• Instructions for the task:
All lines from the one containing "max_angle = max_angle_deg*pi/180" down to the one containing "PX4_attitude_loop_frequency = 250", both ends included, are to be given again exactly; omit the rest of the listing below.

• Material for this exercise:
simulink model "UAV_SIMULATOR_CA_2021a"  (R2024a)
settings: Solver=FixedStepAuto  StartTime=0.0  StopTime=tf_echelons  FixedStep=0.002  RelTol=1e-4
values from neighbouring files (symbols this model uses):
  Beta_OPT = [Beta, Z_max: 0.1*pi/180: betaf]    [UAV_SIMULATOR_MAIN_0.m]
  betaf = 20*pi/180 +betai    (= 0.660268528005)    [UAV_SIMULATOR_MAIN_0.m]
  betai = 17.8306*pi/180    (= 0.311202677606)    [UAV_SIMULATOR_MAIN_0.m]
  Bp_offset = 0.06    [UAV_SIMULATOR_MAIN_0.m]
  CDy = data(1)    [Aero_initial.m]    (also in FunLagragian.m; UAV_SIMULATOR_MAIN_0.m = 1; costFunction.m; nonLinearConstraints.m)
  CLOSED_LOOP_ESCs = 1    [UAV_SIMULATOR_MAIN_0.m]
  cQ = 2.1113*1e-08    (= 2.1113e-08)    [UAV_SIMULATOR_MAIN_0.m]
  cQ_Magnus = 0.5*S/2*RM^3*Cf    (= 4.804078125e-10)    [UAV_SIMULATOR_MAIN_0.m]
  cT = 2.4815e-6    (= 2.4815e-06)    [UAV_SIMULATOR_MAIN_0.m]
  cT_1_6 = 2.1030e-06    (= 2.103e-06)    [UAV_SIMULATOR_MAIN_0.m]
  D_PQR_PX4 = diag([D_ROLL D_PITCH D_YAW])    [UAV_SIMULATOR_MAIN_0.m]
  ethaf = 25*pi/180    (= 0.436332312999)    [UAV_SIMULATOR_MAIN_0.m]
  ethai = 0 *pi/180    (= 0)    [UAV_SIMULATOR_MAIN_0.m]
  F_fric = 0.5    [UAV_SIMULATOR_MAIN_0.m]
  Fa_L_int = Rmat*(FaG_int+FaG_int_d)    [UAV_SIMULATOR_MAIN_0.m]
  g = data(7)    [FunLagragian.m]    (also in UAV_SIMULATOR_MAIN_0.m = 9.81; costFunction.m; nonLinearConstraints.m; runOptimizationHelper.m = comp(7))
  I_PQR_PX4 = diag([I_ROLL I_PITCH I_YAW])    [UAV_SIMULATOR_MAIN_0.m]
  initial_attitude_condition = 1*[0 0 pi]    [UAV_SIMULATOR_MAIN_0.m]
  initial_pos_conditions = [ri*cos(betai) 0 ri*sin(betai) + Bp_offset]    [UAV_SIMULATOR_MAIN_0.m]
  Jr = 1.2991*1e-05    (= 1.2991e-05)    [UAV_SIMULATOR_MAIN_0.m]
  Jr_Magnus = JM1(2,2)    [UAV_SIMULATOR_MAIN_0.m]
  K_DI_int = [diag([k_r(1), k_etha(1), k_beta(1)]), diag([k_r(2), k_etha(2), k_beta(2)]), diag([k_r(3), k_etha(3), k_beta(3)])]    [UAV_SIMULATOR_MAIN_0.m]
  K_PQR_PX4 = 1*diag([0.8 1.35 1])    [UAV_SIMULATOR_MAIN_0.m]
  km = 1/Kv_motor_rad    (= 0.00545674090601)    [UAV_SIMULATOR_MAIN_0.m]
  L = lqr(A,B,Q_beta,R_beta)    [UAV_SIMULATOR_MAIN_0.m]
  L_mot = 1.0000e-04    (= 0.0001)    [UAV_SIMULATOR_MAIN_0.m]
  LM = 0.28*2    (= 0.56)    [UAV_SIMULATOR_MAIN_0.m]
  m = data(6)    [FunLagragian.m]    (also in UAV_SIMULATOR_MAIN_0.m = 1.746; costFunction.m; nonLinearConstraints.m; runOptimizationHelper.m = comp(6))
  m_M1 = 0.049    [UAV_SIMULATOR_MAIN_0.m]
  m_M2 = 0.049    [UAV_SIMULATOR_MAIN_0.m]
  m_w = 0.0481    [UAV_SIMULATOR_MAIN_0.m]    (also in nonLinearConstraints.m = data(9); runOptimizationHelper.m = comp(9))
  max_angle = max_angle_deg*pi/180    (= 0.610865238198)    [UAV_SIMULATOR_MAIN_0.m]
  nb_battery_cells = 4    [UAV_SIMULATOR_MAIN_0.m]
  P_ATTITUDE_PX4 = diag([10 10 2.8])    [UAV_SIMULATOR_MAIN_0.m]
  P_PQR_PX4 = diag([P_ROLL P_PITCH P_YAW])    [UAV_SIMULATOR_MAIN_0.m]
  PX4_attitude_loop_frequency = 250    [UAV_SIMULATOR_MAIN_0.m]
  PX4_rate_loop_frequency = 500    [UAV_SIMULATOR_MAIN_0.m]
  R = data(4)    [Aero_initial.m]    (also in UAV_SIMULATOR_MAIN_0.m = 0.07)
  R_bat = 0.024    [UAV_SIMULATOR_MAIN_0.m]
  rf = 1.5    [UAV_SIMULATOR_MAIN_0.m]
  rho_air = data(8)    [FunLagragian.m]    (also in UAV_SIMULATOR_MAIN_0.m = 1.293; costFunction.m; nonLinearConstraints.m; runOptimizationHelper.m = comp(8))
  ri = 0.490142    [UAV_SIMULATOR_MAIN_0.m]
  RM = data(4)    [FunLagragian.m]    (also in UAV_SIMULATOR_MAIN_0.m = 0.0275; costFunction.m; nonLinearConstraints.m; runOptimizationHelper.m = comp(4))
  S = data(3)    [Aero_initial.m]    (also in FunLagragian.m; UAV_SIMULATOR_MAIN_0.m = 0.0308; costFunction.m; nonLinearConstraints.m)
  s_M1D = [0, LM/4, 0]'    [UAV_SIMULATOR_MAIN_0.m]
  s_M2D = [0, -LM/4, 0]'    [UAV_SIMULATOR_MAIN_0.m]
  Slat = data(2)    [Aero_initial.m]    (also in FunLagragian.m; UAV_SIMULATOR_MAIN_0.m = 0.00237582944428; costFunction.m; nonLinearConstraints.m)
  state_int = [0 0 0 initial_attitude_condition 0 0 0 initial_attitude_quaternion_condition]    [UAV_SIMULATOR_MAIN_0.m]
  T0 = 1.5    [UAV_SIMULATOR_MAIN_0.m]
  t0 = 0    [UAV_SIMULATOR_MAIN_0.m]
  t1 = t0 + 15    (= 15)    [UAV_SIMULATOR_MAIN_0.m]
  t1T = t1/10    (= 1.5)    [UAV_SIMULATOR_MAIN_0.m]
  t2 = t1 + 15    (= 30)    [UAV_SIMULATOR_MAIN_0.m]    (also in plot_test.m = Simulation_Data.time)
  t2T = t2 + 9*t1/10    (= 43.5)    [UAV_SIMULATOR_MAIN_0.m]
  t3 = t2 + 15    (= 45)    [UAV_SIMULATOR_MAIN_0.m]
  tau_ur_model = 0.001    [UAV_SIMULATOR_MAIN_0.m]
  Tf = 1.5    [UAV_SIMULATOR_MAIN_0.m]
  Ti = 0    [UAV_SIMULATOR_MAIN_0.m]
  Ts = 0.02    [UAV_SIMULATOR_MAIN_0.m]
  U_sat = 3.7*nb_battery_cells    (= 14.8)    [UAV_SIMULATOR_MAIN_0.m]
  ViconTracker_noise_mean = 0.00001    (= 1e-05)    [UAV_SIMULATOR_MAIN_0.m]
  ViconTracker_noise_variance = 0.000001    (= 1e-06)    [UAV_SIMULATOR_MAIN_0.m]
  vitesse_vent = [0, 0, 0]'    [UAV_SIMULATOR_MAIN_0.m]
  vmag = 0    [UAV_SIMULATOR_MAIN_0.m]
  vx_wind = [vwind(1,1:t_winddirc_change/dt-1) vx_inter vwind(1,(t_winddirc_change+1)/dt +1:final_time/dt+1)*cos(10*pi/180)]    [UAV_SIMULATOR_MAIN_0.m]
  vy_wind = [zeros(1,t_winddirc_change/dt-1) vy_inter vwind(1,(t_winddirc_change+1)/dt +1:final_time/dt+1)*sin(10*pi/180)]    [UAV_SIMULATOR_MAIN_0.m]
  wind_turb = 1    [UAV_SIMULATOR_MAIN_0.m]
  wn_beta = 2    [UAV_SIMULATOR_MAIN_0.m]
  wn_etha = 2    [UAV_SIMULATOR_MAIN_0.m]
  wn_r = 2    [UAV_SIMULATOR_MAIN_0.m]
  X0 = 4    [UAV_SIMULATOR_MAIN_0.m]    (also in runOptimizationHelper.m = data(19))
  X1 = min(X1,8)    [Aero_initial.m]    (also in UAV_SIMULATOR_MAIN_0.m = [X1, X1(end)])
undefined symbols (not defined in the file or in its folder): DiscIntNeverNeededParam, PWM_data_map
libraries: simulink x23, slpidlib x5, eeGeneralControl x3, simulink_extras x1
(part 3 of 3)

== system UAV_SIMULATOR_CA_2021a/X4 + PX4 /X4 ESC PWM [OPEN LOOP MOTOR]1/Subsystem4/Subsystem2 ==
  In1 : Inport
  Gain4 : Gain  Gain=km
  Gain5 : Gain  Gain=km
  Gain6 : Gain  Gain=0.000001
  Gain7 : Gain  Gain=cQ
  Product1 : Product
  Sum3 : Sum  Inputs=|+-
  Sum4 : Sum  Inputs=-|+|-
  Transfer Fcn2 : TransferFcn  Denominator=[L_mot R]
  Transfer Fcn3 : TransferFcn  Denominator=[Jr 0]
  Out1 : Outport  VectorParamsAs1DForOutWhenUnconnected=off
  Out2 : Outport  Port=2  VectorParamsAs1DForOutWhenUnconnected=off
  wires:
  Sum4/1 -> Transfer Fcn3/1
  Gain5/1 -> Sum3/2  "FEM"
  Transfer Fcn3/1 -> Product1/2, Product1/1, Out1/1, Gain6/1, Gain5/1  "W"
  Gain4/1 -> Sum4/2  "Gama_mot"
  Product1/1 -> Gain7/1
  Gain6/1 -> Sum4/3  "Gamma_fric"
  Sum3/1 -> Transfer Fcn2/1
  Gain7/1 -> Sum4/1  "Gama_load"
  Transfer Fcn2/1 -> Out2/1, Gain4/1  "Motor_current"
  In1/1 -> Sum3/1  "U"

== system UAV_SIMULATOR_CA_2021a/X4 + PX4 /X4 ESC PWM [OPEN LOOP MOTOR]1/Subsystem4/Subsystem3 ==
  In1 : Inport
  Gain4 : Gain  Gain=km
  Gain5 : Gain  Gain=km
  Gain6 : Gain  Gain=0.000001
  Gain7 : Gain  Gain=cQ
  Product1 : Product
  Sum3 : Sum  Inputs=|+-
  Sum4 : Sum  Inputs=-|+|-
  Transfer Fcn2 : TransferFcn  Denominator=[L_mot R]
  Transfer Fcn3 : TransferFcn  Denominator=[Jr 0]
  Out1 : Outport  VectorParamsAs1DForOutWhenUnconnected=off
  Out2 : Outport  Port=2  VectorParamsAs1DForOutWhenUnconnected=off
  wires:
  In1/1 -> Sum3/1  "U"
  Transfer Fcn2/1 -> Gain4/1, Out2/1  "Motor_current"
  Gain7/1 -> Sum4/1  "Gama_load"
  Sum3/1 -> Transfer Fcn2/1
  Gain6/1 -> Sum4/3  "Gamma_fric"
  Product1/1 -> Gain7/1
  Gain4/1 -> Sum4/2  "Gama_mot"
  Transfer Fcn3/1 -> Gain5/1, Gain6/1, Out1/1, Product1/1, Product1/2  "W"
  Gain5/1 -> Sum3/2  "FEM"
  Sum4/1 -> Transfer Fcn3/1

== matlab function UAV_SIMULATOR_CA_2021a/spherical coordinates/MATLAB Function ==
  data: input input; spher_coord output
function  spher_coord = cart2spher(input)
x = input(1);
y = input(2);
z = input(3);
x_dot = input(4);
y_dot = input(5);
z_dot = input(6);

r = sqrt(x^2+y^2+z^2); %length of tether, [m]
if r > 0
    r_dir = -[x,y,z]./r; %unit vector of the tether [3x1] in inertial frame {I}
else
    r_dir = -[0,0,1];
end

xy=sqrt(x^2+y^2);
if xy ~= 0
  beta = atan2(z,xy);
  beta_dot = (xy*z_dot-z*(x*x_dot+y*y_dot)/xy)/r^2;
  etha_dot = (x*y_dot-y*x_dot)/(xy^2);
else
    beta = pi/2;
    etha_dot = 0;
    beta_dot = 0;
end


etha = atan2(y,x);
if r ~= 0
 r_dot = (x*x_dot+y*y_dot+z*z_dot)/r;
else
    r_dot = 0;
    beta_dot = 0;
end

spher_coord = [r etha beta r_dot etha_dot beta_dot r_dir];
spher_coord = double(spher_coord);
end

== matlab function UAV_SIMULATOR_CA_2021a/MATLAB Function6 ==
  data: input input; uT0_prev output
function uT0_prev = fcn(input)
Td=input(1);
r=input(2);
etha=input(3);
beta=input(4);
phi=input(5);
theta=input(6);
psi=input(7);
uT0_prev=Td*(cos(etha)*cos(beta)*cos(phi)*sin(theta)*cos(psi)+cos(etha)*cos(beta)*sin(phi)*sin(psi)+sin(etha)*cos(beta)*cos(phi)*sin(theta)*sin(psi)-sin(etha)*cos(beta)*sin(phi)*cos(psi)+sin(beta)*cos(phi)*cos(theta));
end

• Response to this exercise:
  max_angle = max_angle_deg*pi/180    (= 0.610865238198)    [UAV_SIMULATOR_MAIN_0.m]
  nb_battery_cells = 4    [UAV_SIMULATOR_MAIN_0.m]
  P_ATTITUDE_PX4 = diag([10 10 2.8])    [UAV_SIMULATOR_MAIN_0.m]
  P_PQR_PX4 = diag([P_ROLL P_PITCH P_YAW])    [UAV_SIMULATOR_MAIN_0.m]
  PX4_attitude_loop_frequency = 250    [UAV_SIMULATOR_MAIN_0.m]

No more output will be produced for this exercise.